The University of Houston took a very different approach to scaling arts education.  A team-taught course on The Creative Process featured lectured lectures by and interviews with the campus’ artists in residence, who, at the time, included the playwrights Edward Albee and Elizabeth Brown Guillory, the composer Carlisle Floyd, the poet Edward Hirsch, the sculptor Luis Jimenez, the novelist Colson Whitehead, and the actress Lois Chiles, among others.  

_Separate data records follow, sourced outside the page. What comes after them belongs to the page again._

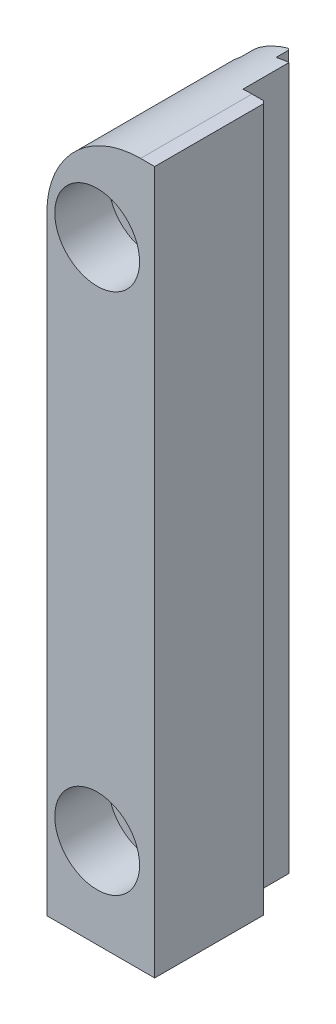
ISO-10303-21;
HEADER;
FILE_DESCRIPTION(('STEP AP214'),'2;1');
FILE_NAME('part.step','',(''),(''),'','','');
FILE_SCHEMA(('AUTOMOTIVE_DESIGN { 1 0 10303 214 1 1 1 1 }'));
ENDSEC;
DATA;
#1=APPLICATION_CONTEXT('core data for automotive mechanical design processes');
#2=APPLICATION_PROTOCOL_DEFINITION('international standard','automotive_design',2000,#1);
#3=PRODUCT_CONTEXT('',#1,'mechanical');
#4=PRODUCT('Part','Part','',(#3));
#5=PRODUCT_RELATED_PRODUCT_CATEGORY('part','',(#4));
#6=PRODUCT_DEFINITION_FORMATION('','',#4);
#7=PRODUCT_DEFINITION_CONTEXT('part definition',#1,'design');
#8=PRODUCT_DEFINITION('design','',#6,#7);
#9=PRODUCT_DEFINITION_SHAPE('','',#8);
#10=(LENGTH_UNIT() NAMED_UNIT(*) SI_UNIT(.MILLI.,.METRE.));
#11=(NAMED_UNIT(*) PLANE_ANGLE_UNIT() SI_UNIT($,.RADIAN.));
#12=(NAMED_UNIT(*) SI_UNIT($,.STERADIAN.) SOLID_ANGLE_UNIT());
#13=UNCERTAINTY_MEASURE_WITH_UNIT(LENGTH_MEASURE(1.E-05),#10,'distance_accuracy_value','');
#14=(GEOMETRIC_REPRESENTATION_CONTEXT(3) GLOBAL_UNCERTAINTY_ASSIGNED_CONTEXT((#13)) GLOBAL_UNIT_ASSIGNED_CONTEXT((#10,
#11,#12)) REPRESENTATION_CONTEXT('',''));
#15=CARTESIAN_POINT('',(0.,0.,0.));
#16=DIRECTION('',(0.,0.,1.));
#17=DIRECTION('',(1.,0.,0.));
#18=AXIS2_PLACEMENT_3D('',#15,#16,#17);
#19=CARTESIAN_POINT('',(-7.32028,29.845,-16.256));
#20=DIRECTION('',(0.,0.,-1.));
#21=DIRECTION('',(1.,0.,0.));
#22=AXIS2_PLACEMENT_3D('',#19,#20,#21);
#23=PLANE('',#22);
#24=CARTESIAN_POINT('',(-5.92328,26.924,-16.256));
#25=DIRECTION('',(0.,0.,-1.));
#26=DIRECTION('',(-1.,0.,0.));
#27=AXIS2_PLACEMENT_3D('',#24,#25,#26);
#28=CIRCLE('',#27,2.7051);
#29=CARTESIAN_POINT('',(-8.62838,26.924,-16.256));
#30=VERTEX_POINT('',#29);
#31=EDGE_CURVE('E343',#30,#30,#28,.T.);
#32=ORIENTED_EDGE('',*,*,#31,.F.);
#33=EDGE_LOOP('',(#32));
#34=FACE_BOUND('',#33,.T.);
#35=CARTESIAN_POINT('',(-5.92328,-26.924,-16.256));
#36=DIRECTION('',(0.,0.,-1.));
#37=DIRECTION('',(-1.,0.,0.));
#38=AXIS2_PLACEMENT_3D('',#35,#36,#37);
#39=CIRCLE('',#38,2.7051);
#40=CARTESIAN_POINT('',(-8.62838,-26.924,-16.256));
#41=VERTEX_POINT('',#40);
#42=EDGE_CURVE('E346',#41,#41,#39,.T.);
#43=ORIENTED_EDGE('',*,*,#42,.F.);
#44=EDGE_LOOP('',(#43));
#45=FACE_BOUND('',#44,.T.);
#46=CARTESIAN_POINT('',(-5.92328,26.924,-16.256));
#47=DIRECTION('',(0.,0.,1.));
#48=DIRECTION('',(1.,0.,0.));
#49=AXIS2_PLACEMENT_3D('',#46,#47,#48);
#50=CIRCLE('',#49,3.175);
#51=CARTESIAN_POINT('',(-2.74828,26.924,-16.256));
#52=VERTEX_POINT('',#51);
#53=CARTESIAN_POINT('',(-2.74828030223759,26.9226146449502,-16.256));
#54=VERTEX_POINT('',#53);
#55=EDGE_CURVE('E341',#52,#54,#50,.T.);
#56=ORIENTED_EDGE('',*,*,#55,.F.);
#57=DIRECTION('',(-1.,0.,0.));
#58=VECTOR('',#57,1.);
#59=CARTESIAN_POINT('',(-7.32028,26.924,-16.256));
#60=LINE('',#59,#58);
#61=CARTESIAN_POINT('',(-2.748026,26.924,-16.256));
#62=VERTEX_POINT('',#61);
#63=EDGE_CURVE('E24',#52,#62,#60,.F.);
#64=ORIENTED_EDGE('',*,*,#63,.T.);
#65=CARTESIAN_POINT('',(-5.92328,26.924,-16.256));
#66=DIRECTION('',(0.,0.,-1.));
#67=DIRECTION('',(-1.,0.,0.));
#68=AXIS2_PLACEMENT_3D('',#65,#66,#67);
#69=CIRCLE('',#68,3.175254);
#70=CARTESIAN_POINT('',(-3.76428,29.2522948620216,-16.256));
#71=VERTEX_POINT('',#70);
#72=EDGE_CURVE('E244',#71,#62,#69,.T.);
#73=ORIENTED_EDGE('',*,*,#72,.F.);
#74=DIRECTION('',(0.,-1.,0.));
#75=VECTOR('',#74,1.);
#76=CARTESIAN_POINT('',(-3.76428,29.845,-16.256));
#77=LINE('',#76,#75);
#78=CARTESIAN_POINT('',(-3.76428,35.9141543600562,-16.256));
#79=VERTEX_POINT('',#78);
#80=EDGE_CURVE('E401',#79,#71,#77,.T.);
#81=ORIENTED_EDGE('',*,*,#80,.F.);
#82=CARTESIAN_POINT('',(-1.45288,26.543,-16.256));
#83=DIRECTION('',(0.,0.,1.));
#84=DIRECTION('',(1.,0.,0.));
#85=AXIS2_PLACEMENT_3D('',#82,#83,#84);
#86=CIRCLE('',#85,9.652);
#87=CARTESIAN_POINT('',(-2.40538,36.1478866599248,-16.256));
#88=VERTEX_POINT('',#87);
#89=EDGE_CURVE('E457',#88,#79,#86,.T.);
#90=ORIENTED_EDGE('',*,*,#89,.F.);
#91=DIRECTION('',(0.,-1.,0.));
#92=VECTOR('',#91,1.);
#93=CARTESIAN_POINT('',(-2.40538,29.845,-16.256));
#94=LINE('',#93,#92);
#95=CARTESIAN_POINT('',(-2.40538,-36.195,-16.256));
#96=VERTEX_POINT('',#95);
#97=EDGE_CURVE('E611',#88,#96,#94,.T.);
#98=ORIENTED_EDGE('',*,*,#97,.T.);
#99=DIRECTION('',(-1.,0.,0.));
#100=VECTOR('',#99,1.);
#101=CARTESIAN_POINT('',(-11.07948,-36.195,-16.256));
#102=LINE('',#101,#100);
#103=CARTESIAN_POINT('',(-3.76428,-36.195,-16.256));
#104=VERTEX_POINT('',#103);
#105=EDGE_CURVE('E497',#96,#104,#102,.T.);
#106=ORIENTED_EDGE('',*,*,#105,.T.);
#107=CARTESIAN_POINT('',(-3.76428,-29.2522948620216,-16.256));
#108=VERTEX_POINT('',#107);
#109=EDGE_CURVE('E370',#108,#104,#77,.T.);
#110=ORIENTED_EDGE('',*,*,#109,.F.);
#111=CARTESIAN_POINT('',(-5.92328,-26.924,-16.256));
#112=DIRECTION('',(0.,0.,-1.));
#113=DIRECTION('',(-1.,0.,0.));
#114=AXIS2_PLACEMENT_3D('',#111,#112,#113);
#115=CIRCLE('',#114,3.175254);
#116=CARTESIAN_POINT('',(-2.74802630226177,-26.9253854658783,-16.256));
#117=VERTEX_POINT('',#116);
#118=EDGE_CURVE('E324',#117,#108,#115,.T.);
#119=ORIENTED_EDGE('',*,*,#118,.F.);
#120=DIRECTION('',(-0.999999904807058,0.000436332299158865,0.));
#121=VECTOR('',#120,1.);
#122=CARTESIAN_POINT('',(-7.34504987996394,-26.9233796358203,-16.256));
#123=LINE('',#122,#121);
#124=CARTESIAN_POINT('',(-2.7482803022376,-26.9253853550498,-16.256));
#125=VERTEX_POINT('',#124);
#126=EDGE_CURVE('E376',#117,#125,#123,.T.);
#127=ORIENTED_EDGE('',*,*,#126,.T.);
#128=CARTESIAN_POINT('',(-5.92328,-26.924,-16.256));
#129=DIRECTION('',(0.,0.,1.));
#130=DIRECTION('',(1.,0.,0.));
#131=AXIS2_PLACEMENT_3D('',#128,#129,#130);
#132=CIRCLE('',#131,3.175);
#133=CARTESIAN_POINT('',(-2.74828,-26.924,-16.256));
#134=VERTEX_POINT('',#133);
#135=EDGE_CURVE('E339',#134,#125,#132,.T.);
#136=ORIENTED_EDGE('',*,*,#135,.F.);
#137=DIRECTION('',(-1.,0.,0.));
#138=VECTOR('',#137,1.);
#139=CARTESIAN_POINT('',(-7.32028,-26.924,-16.256));
#140=LINE('',#139,#138);
#141=CARTESIAN_POINT('',(-2.748026,-26.924,-16.256));
#142=VERTEX_POINT('',#141);
#143=EDGE_CURVE('E373',#134,#142,#140,.F.);
#144=ORIENTED_EDGE('',*,*,#143,.T.);
#145=CARTESIAN_POINT('',(-3.76428,-24.5957051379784,-16.256));
#146=VERTEX_POINT('',#145);
#147=EDGE_CURVE('E323',#146,#142,#115,.T.);
#148=ORIENTED_EDGE('',*,*,#147,.F.);
#149=CARTESIAN_POINT('',(-3.76428,24.5957051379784,-16.256));
#150=VERTEX_POINT('',#149);
#151=EDGE_CURVE('E372',#150,#146,#77,.T.);
#152=ORIENTED_EDGE('',*,*,#151,.F.);
#153=CARTESIAN_POINT('',(-2.74802630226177,26.9226145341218,-16.256));
#154=VERTEX_POINT('',#153);
#155=EDGE_CURVE('E274',#154,#150,#69,.T.);
#156=ORIENTED_EDGE('',*,*,#155,.F.);
#157=DIRECTION('',(-0.999999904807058,0.000436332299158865,0.));
#158=VECTOR('',#157,1.);
#159=CARTESIAN_POINT('',(-7.32155426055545,26.9246101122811,-16.256));
#160=LINE('',#159,#158);
#161=EDGE_CURVE('E10',#154,#54,#160,.T.);
#162=ORIENTED_EDGE('',*,*,#161,.T.);
#163=EDGE_LOOP('',(#56,#64,#73,#81,#90,#98,#106,#110,#119,#127,#136,#144,#148,#152,#156,#162));
#164=FACE_BOUND('',#163,.T.);
#165=ADVANCED_FACE('F16',(#34,#45,#164),#23,.T.);
#166=CARTESIAN_POINT('',(-5.92328,26.924,-5.5372));
#167=DIRECTION('',(0.,0.,-1.));
#168=DIRECTION('',(-1.,0.,0.));
#169=AXIS2_PLACEMENT_3D('',#166,#167,#168);
#170=PLANE('',#169);
#171=CARTESIAN_POINT('',(-5.92328,26.924,-5.5372));
#172=DIRECTION('',(0.,0.,-1.));
#173=DIRECTION('',(-1.,0.,0.));
#174=AXIS2_PLACEMENT_3D('',#171,#172,#173);
#175=CIRCLE('',#174,2.7051);
#176=CARTESIAN_POINT('',(-8.62838,26.924,-5.5372));
#177=VERTEX_POINT('',#176);
#178=EDGE_CURVE('E483',#177,#177,#175,.F.);
#179=ORIENTED_EDGE('',*,*,#178,.F.);
#180=EDGE_LOOP('',(#179));
#181=FACE_BOUND('',#180,.T.);
#182=CARTESIAN_POINT('',(-5.92328,26.924,-5.5372));
#183=DIRECTION('',(0.,0.,-1.));
#184=DIRECTION('',(-1.,0.,0.));
#185=AXIS2_PLACEMENT_3D('',#182,#183,#184);
#186=CIRCLE('',#185,4.365625);
#187=CARTESIAN_POINT('',(-10.288905,26.924,-5.5372));
#188=VERTEX_POINT('',#187);
#189=EDGE_CURVE('E507',#188,#188,#186,.T.);
#190=ORIENTED_EDGE('',*,*,#189,.F.);
#191=EDGE_LOOP('',(#190));
#192=FACE_BOUND('',#191,.T.);
#193=CARTESIAN_POINT('',(-5.92328,26.924,-5.5372));
#194=DIRECTION('',(0.,0.,1.));
#195=DIRECTION('',(1.,0.,0.));
#196=AXIS2_PLACEMENT_3D('',#193,#194,#195);
#197=CIRCLE('',#196,3.175254);
#198=CARTESIAN_POINT('',(-2.748026,26.924,-5.5372));
#199=VERTEX_POINT('',#198);
#200=CARTESIAN_POINT('',(-2.74802630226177,26.9226145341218,-5.5372));
#201=VERTEX_POINT('',#200);
#202=EDGE_CURVE('E241',#199,#201,#197,.T.);
#203=ORIENTED_EDGE('',*,*,#202,.F.);
#204=DIRECTION('',(1.,0.,0.));
#205=VECTOR('',#204,1.);
#206=CARTESIAN_POINT('',(-2.74828,26.924,-5.5372));
#207=LINE('',#206,#205);
#208=CARTESIAN_POINT('',(-2.74828,26.924,-5.5372));
#209=VERTEX_POINT('',#208);
#210=EDGE_CURVE('E249',#199,#209,#207,.F.);
#211=ORIENTED_EDGE('',*,*,#210,.T.);
#212=CARTESIAN_POINT('',(-5.92328,26.924,-5.5372));
#213=DIRECTION('',(0.,0.,1.));
#214=DIRECTION('',(1.,0.,0.));
#215=AXIS2_PLACEMENT_3D('',#212,#213,#214);
#216=CIRCLE('',#215,3.175);
#217=CARTESIAN_POINT('',(-2.74828030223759,26.9226146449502,-5.5372));
#218=VERTEX_POINT('',#217);
#219=EDGE_CURVE('E264',#209,#218,#216,.T.);
#220=ORIENTED_EDGE('',*,*,#219,.T.);
#221=DIRECTION('',(0.999999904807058,-0.000436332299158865,0.));
#222=VECTOR('',#221,1.);
#223=CARTESIAN_POINT('',(-2.74828030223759,26.9226146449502,-5.5372));
#224=LINE('',#223,#222);
#225=EDGE_CURVE('E254',#201,#218,#224,.F.);
#226=ORIENTED_EDGE('',*,*,#225,.F.);
#227=EDGE_LOOP('',(#203,#211,#220,#226));
#228=FACE_BOUND('',#227,.T.);
#229=ADVANCED_FACE('F257',(#181,#192,#228),#170,.F.);
#230=CARTESIAN_POINT('',(-7.32028,24.0725742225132,-16.256));
#231=VERTEX_POINT('',#230);
#232=CARTESIAN_POINT('',(-7.32028,29.7754257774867,-16.256));
#233=VERTEX_POINT('',#232);
#234=EDGE_CURVE('E275',#231,#233,#69,.T.);
#235=ORIENTED_EDGE('',*,*,#234,.F.);
#236=DIRECTION('',(0.,-1.,0.));
#237=VECTOR('',#236,1.);
#238=CARTESIAN_POINT('',(-7.32028,29.845,-16.256));
#239=LINE('',#238,#237);
#240=CARTESIAN_POINT('',(-7.32028,-24.0725742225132,-16.256));
#241=VERTEX_POINT('',#240);
#242=EDGE_CURVE('E365',#231,#241,#239,.T.);
#243=ORIENTED_EDGE('',*,*,#242,.T.);
#244=CARTESIAN_POINT('',(-7.32028,-29.7754257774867,-16.256));
#245=VERTEX_POINT('',#244);
#246=EDGE_CURVE('E319',#245,#241,#115,.T.);
#247=ORIENTED_EDGE('',*,*,#246,.F.);
#248=CARTESIAN_POINT('',(-7.32028,-36.195,-16.256));
#249=VERTEX_POINT('',#248);
#250=EDGE_CURVE('E362',#245,#249,#239,.T.);
#251=ORIENTED_EDGE('',*,*,#250,.T.);
#252=DIRECTION('',(-1.,0.,0.));
#253=VECTOR('',#252,1.);
#254=CARTESIAN_POINT('',(-11.07948,-36.195,-16.256));
#255=LINE('',#254,#253);
#256=CARTESIAN_POINT('',(-11.10488,-36.195,-16.256));
#257=VERTEX_POINT('',#256);
#258=EDGE_CURVE('E475',#249,#257,#255,.T.);
#259=ORIENTED_EDGE('',*,*,#258,.T.);
#260=DIRECTION('',(0.,-1.,0.));
#261=VECTOR('',#260,1.);
#262=CARTESIAN_POINT('',(-11.10488,29.845,-16.256));
#263=LINE('',#262,#261);
#264=CARTESIAN_POINT('',(-11.10488,26.543,-16.256));
#265=VERTEX_POINT('',#264);
#266=EDGE_CURVE('E366',#265,#257,#263,.T.);
#267=ORIENTED_EDGE('',*,*,#266,.F.);
#268=CARTESIAN_POINT('',(-1.45288,26.543,-16.256));
#269=DIRECTION('',(0.,0.,1.));
#270=DIRECTION('',(1.,0.,0.));
#271=AXIS2_PLACEMENT_3D('',#268,#269,#270);
#272=CIRCLE('',#271,9.652);
#273=CARTESIAN_POINT('',(-7.32028,34.2068581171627,-16.256));
#274=VERTEX_POINT('',#273);
#275=EDGE_CURVE('E433',#274,#265,#272,.T.);
#276=ORIENTED_EDGE('',*,*,#275,.F.);
#277=EDGE_CURVE('E357',#274,#233,#239,.T.);
#278=ORIENTED_EDGE('',*,*,#277,.T.);
#279=EDGE_LOOP('',(#235,#243,#247,#251,#259,#267,#276,#278));
#280=FACE_BOUND('',#279,.T.);
#281=ADVANCED_FACE('F431',(#280),#23,.T.);
#282=CARTESIAN_POINT('',(-5.92328,-26.924,-5.5372));
#283=DIRECTION('',(0.,0.,-1.));
#284=DIRECTION('',(-1.,0.,0.));
#285=AXIS2_PLACEMENT_3D('',#282,#283,#284);
#286=PLANE('',#285);
#287=CARTESIAN_POINT('',(-5.92328,-26.924,-5.5372));
#288=DIRECTION('',(0.,0.,-1.));
#289=DIRECTION('',(-1.,0.,0.));
#290=AXIS2_PLACEMENT_3D('',#287,#288,#289);
#291=CIRCLE('',#290,2.7051);
#292=CARTESIAN_POINT('',(-8.62838,-26.924,-5.5372));
#293=VERTEX_POINT('',#292);
#294=EDGE_CURVE('E515',#293,#293,#291,.F.);
#295=ORIENTED_EDGE('',*,*,#294,.F.);
#296=EDGE_LOOP('',(#295));
#297=FACE_BOUND('',#296,.T.);
#298=CARTESIAN_POINT('',(-5.92328,-26.924,-5.5372));
#299=DIRECTION('',(0.,0.,-1.));
#300=DIRECTION('',(-1.,0.,0.));
#301=AXIS2_PLACEMENT_3D('',#298,#299,#300);
#302=CIRCLE('',#301,4.365625);
#303=CARTESIAN_POINT('',(-10.288905,-26.924,-5.5372));
#304=VERTEX_POINT('',#303);
#305=EDGE_CURVE('E518',#304,#304,#302,.T.);
#306=ORIENTED_EDGE('',*,*,#305,.F.);
#307=EDGE_LOOP('',(#306));
#308=FACE_BOUND('',#307,.T.);
#309=CARTESIAN_POINT('',(-5.92328,-26.924,-5.5372));
#310=DIRECTION('',(0.,0.,1.));
#311=DIRECTION('',(1.,0.,0.));
#312=AXIS2_PLACEMENT_3D('',#309,#310,#311);
#313=CIRCLE('',#312,3.175254);
#314=CARTESIAN_POINT('',(-2.748026,-26.924,-5.5372));
#315=VERTEX_POINT('',#314);
#316=CARTESIAN_POINT('',(-2.74802630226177,-26.9253854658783,-5.5372));
#317=VERTEX_POINT('',#316);
#318=EDGE_CURVE('E292',#315,#317,#313,.T.);
#319=ORIENTED_EDGE('',*,*,#318,.F.);
#320=DIRECTION('',(1.,0.,0.));
#321=VECTOR('',#320,1.);
#322=CARTESIAN_POINT('',(-2.74828,-26.924,-5.5372));
#323=LINE('',#322,#321);
#324=CARTESIAN_POINT('',(-2.74828,-26.924,-5.5372));
#325=VERTEX_POINT('',#324);
#326=EDGE_CURVE('E307',#315,#325,#323,.F.);
#327=ORIENTED_EDGE('',*,*,#326,.T.);
#328=CARTESIAN_POINT('',(-5.92328,-26.924,-5.5372));
#329=DIRECTION('',(0.,0.,1.));
#330=DIRECTION('',(1.,0.,0.));
#331=AXIS2_PLACEMENT_3D('',#328,#329,#330);
#332=CIRCLE('',#331,3.175);
#333=CARTESIAN_POINT('',(-2.7482803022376,-26.9253853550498,-5.5372));
#334=VERTEX_POINT('',#333);
#335=EDGE_CURVE('E300',#325,#334,#332,.T.);
#336=ORIENTED_EDGE('',*,*,#335,.T.);
#337=DIRECTION('',(0.999999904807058,-0.000436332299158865,0.));
#338=VECTOR('',#337,1.);
#339=CARTESIAN_POINT('',(-2.7482803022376,-26.9253853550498,-5.5372));
#340=LINE('',#339,#338);
#341=EDGE_CURVE('E304',#317,#334,#340,.F.);
#342=ORIENTED_EDGE('',*,*,#341,.F.);
#343=EDGE_LOOP('',(#319,#327,#336,#342));
#344=FACE_BOUND('',#343,.T.);
#345=ADVANCED_FACE('F18',(#297,#308,#344),#286,.F.);
#346=CARTESIAN_POINT('',(-3.76428,29.845,-16.256));
#347=DIRECTION('',(1.,0.,0.));
#348=DIRECTION('',(0.,0.,1.));
#349=AXIS2_PLACEMENT_3D('',#346,#347,#348);
#350=PLANE('',#349);
#351=DIRECTION('',(0.,0.,1.));
#352=VECTOR('',#351,1.);
#353=CARTESIAN_POINT('',(-3.76428,29.2522948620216,-5.5372));
#354=LINE('',#353,#352);
#355=CARTESIAN_POINT('',(-3.76428,29.2522948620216,-17.526));
#356=VERTEX_POINT('',#355);
#357=EDGE_CURVE('E270',#356,#71,#354,.T.);
#358=ORIENTED_EDGE('',*,*,#357,.F.);
#359=DIRECTION('',(0.,1.,0.));
#360=VECTOR('',#359,1.);
#361=CARTESIAN_POINT('',(-3.76428,29.845,-17.526));
#362=LINE('',#361,#360);
#363=CARTESIAN_POINT('',(-3.76428,35.9141543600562,-17.526));
#364=VERTEX_POINT('',#363);
#365=EDGE_CURVE('E448',#356,#364,#362,.T.);
#366=ORIENTED_EDGE('',*,*,#365,.T.);
#367=DIRECTION('',(0.,0.,1.));
#368=VECTOR('',#367,1.);
#369=CARTESIAN_POINT('',(-3.76428,35.9141543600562,-16.256));
#370=LINE('',#369,#368);
#371=EDGE_CURVE('E452',#79,#364,#370,.F.);
#372=ORIENTED_EDGE('',*,*,#371,.F.);
#373=ORIENTED_EDGE('',*,*,#80,.T.);
#374=EDGE_LOOP('',(#358,#366,#372,#373));
#375=FACE_BOUND('',#374,.T.);
#376=ADVANCED_FACE('F537',(#375),#350,.T.);
#377=CARTESIAN_POINT('',(-3.76428,29.845,-17.78));
#378=DIRECTION('',(0.,0.,-1.));
#379=DIRECTION('',(1.,0.,0.));
#380=AXIS2_PLACEMENT_3D('',#377,#378,#379);
#381=PLANE('',#380);
#382=CARTESIAN_POINT('',(-5.92328,26.924,-17.78));
#383=DIRECTION('',(0.,0.,-1.));
#384=DIRECTION('',(-1.,0.,0.));
#385=AXIS2_PLACEMENT_3D('',#382,#383,#384);
#386=CIRCLE('',#385,3.175254);
#387=CARTESIAN_POINT('',(-7.06628,29.886395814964,-17.78));
#388=VERTEX_POINT('',#387);
#389=CARTESIAN_POINT('',(-4.01828,29.4643174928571,-17.78));
#390=VERTEX_POINT('',#389);
#391=EDGE_CURVE('E31',#388,#390,#386,.T.);
#392=ORIENTED_EDGE('',*,*,#391,.F.);
#393=DIRECTION('',(0.,1.,0.));
#394=VECTOR('',#393,1.);
#395=CARTESIAN_POINT('',(-7.06628,29.845,-17.78));
#396=LINE('',#395,#394);
#397=CARTESIAN_POINT('',(-7.06628,34.3948051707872,-17.78));
#398=VERTEX_POINT('',#397);
#399=EDGE_CURVE('E403',#388,#398,#396,.T.);
#400=ORIENTED_EDGE('',*,*,#399,.T.);
#401=CARTESIAN_POINT('',(-1.45288,26.543,-17.78));
#402=DIRECTION('',(0.,0.,1.));
#403=DIRECTION('',(1.,0.,0.));
#404=AXIS2_PLACEMENT_3D('',#401,#402,#403);
#405=CIRCLE('',#404,9.652);
#406=CARTESIAN_POINT('',(-4.01828,35.8478281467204,-17.78));
#407=VERTEX_POINT('',#406);
#408=EDGE_CURVE('E440',#407,#398,#405,.T.);
#409=ORIENTED_EDGE('',*,*,#408,.F.);
#410=DIRECTION('',(0.,-1.,0.));
#411=VECTOR('',#410,1.);
#412=CARTESIAN_POINT('',(-4.01828,29.845,-17.78));
#413=LINE('',#412,#411);
#414=EDGE_CURVE('E395',#407,#390,#413,.T.);
#415=ORIENTED_EDGE('',*,*,#414,.T.);
#416=EDGE_LOOP('',(#392,#400,#409,#415));
#417=FACE_BOUND('',#416,.T.);
#418=ADVANCED_FACE('F546',(#417),#381,.T.);
#419=CARTESIAN_POINT('',(-7.32028,29.845,-17.526));
#420=DIRECTION('',(0.707106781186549,0.,0.707106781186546));
#421=DIRECTION('',(0.707106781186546,0.,-0.707106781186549));
#422=AXIS2_PLACEMENT_3D('',#419,#420,#421);
#423=PLANE('',#422);
#424=CARTESIAN_POINT('',(-5.92328,26.924,-18.923));
#425=DIRECTION('',(0.707106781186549,0.,0.707106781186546));
#426=DIRECTION('',(-0.707106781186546,0.,0.707106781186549));
#427=AXIS2_PLACEMENT_3D('',#424,#425,#426);
#428=ELLIPSE('',#427,4.49048727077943,3.175254);
#429=CARTESIAN_POINT('',(-7.32028,29.7754257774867,-17.526));
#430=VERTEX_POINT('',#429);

This class, organized and directed by Lois Parkinson Zamora, a leader in the comparative study of the arts and literature of the Americas, examined various theories of the creative process, including the internal factors, such as the artist’s life experiences, emotions, and states of mind, that shape the creation of artistic works, and the external factors, including genre considerations and current societal circumstances. The course also looked at issues of craft, including concept formulation, artistic technique, and material or thematic exploration.

Here, I might mention VIVA, the virtual visiting artists non-profit that connects campuses to artists who are largely women, or artists of color, or from LGBTQ+ backgrounds.

But what about expanding opportunities to actually participate in the arts?  Too often, opportunities to take part in arts classes, dance courses, acting, performance, and production classes, and creative writing or screenwriting workshops, or even to take piano and other music lessons are reserved for the most privileged young people. 

But scaling opportunities to participate in the artistic lessons and performances isn’t beyond our capabilities.  It’s more a matter of priorities and will.  The steps institutions can take are obvious:

  • Partner with local museums, theater and dance companies, and other arts organizations.
  • Invite local artists and performers to host workshops and studio opportunities.

It’s no secret that arts education in K-12 schools has declined and that low-income, Black and Hispanic children are disproportionately unlikely to participate in childhood arts education.  In many instances, K-12 schools spend more money on sports than on the arts.

Yet we also know that students from low-income backgrounds who are highly involved in the arts are far less likely to drop out of high schoolscore higher on standardized tests, and much more likely to graduate from college.

The explanations for the distorted priorities are no secret: Funds have been diverted from the arts due to a heightened emphasis on reading and math test scores.

The consequences of defunding arts education surround us.  As a RAND Corporation report found, even before the pandemic, audiences for classical music, jazz, opera, musical theater, theater, and the visual arts were falling as a share of the population.  Between 2002 and 2015, the percentage of adults who visited an art museum or gallery declined by about 20 percent.

Without in any way seeking to denigrate the ancient seafaring people who lived on the south coast of Canaan about 3000 years ago, I fear we are becoming a nation of Philistines in the artistic sense: A people who deprecate the arts, who favor kitsch over more demanding art forms, and who fail, to a disturbing degree, to patronize the arts and artists.  

The solution strikes me as obvious: Let’s give our students more opportunities to engage with works of art, interact with artists, and make art.

Steven Mintz is professor of history at the University of Texas at Austin.